Seems like you didn’t read or understand the original piece.
“if you live in Vancouver, New York, LA or Seattle, get ready for an all-out assault on your housing stock!”
It’s not like we weren’t already under assault from AirBnb speculators which has resulting in rising rents already. In Seattle, the massive over-building and hiring by Amazon is contributing to a ridiculous rise in rental prices. This hits EVERYONE in these areas.
Yeah, that’s the source of rising rents…not all of the people moving to Seattle and its booming economy…
Given that I grew up in the “Will the last person to leave Seattle, please turn off the lights?” economy, you shouldn’t complain about the city booming instead of going like Cleveland.
Yes, rents have gone up dramatically. Welcome to the fate of every current prosperous city with a desirable climate and economy.
I used to have a one bedroom on Capitol Hill for $425 a month…in 1993.
8 months of blanketed overcast with occasional spitting rain and 4 months of complete drought is desirable?
People always call it the “Rainy City” but you and I both know anyone carrying an umbrella in Seattle is a complete amateur.
Although I guess the temperature variance is quite mild.
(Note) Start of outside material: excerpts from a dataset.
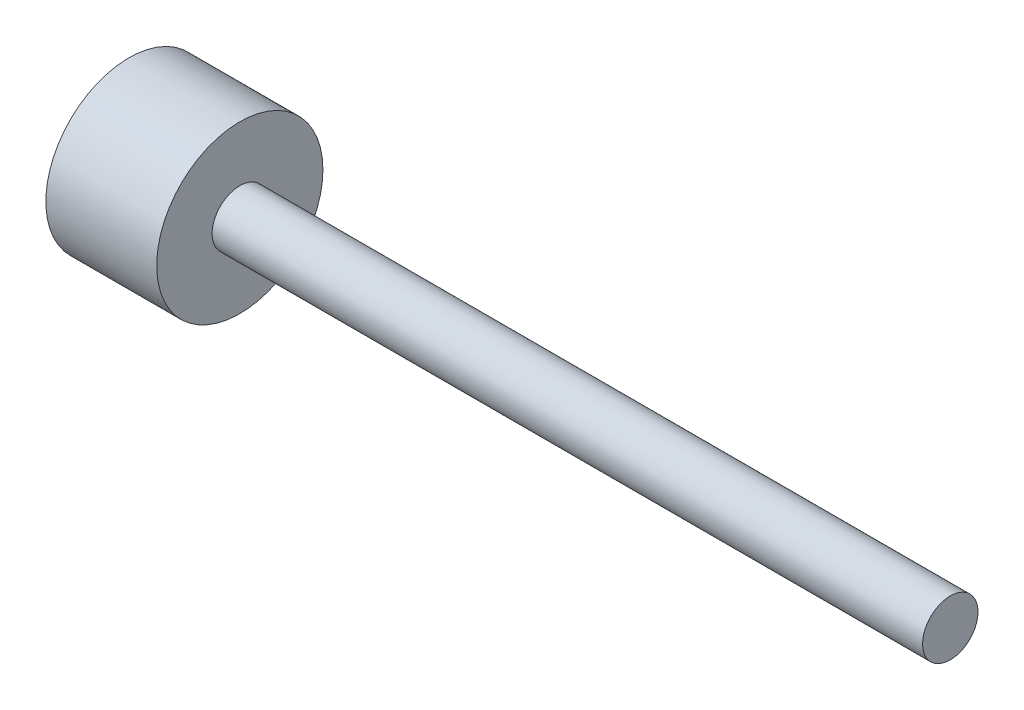
from build123d import *

# Parameters (mm, degrees)
SKETCH1_R           = 9.525
BOSS_EXTRUDE1_DEPTH = 12.7
BOSS_EXTRUDE2_START = -12.7
SKETCH2_R           = 3.175
BOSS_EXTRUDE2_DEPTH = 94.11


with BuildPart() as part:
    # Sketch1 → Boss-Extrude1 (new body)
    with BuildSketch(Plane(origin=(0, 0, 0), x_dir=(0, 0, -1), z_dir=(1, 0, 0))):
        Circle(SKETCH1_R)
    extrude(amount=BOSS_EXTRUDE1_DEPTH)

    # Sketch2 → Boss-Extrude2 (add)
    with BuildSketch(Plane(origin=(12.7, 0, 0), x_dir=(0, 0, -1), z_dir=(1, 0, 0)).offset(BOSS_EXTRUDE2_START)):
        Circle(SKETCH2_R)
    extrude(amount=BOSS_EXTRUDE2_DEPTH)


solid = part.part

Hottest we get is maybe 87F a few days in the summer. And the coldest we get is around 28F for a week or less in the winter.
Winter average temperature is above 40. When it snows, it doesn’t stick except for maybe one week a year. No drought and lots of green. Oh, and under 100 in the summer. Yeah, many many people think Seattle is beautiful with a desirable climate. I actively miss the climate every day I live in the very brown and dry (and too sunny) Bay Area.
Also, at most, you might get a month where Seattle doesn’t rain, compared to the nine or ten months of the year in California.
Umbrellas are for tourists. Trueborn just shrug off the damp and keep hiking.
But seriously, we don’t get enough sunlight for extended periods of time. Most of the winter I’m vitamin D deficient. This is confirmed by blood tests from my real gp. No naturopathic bullshit quackery.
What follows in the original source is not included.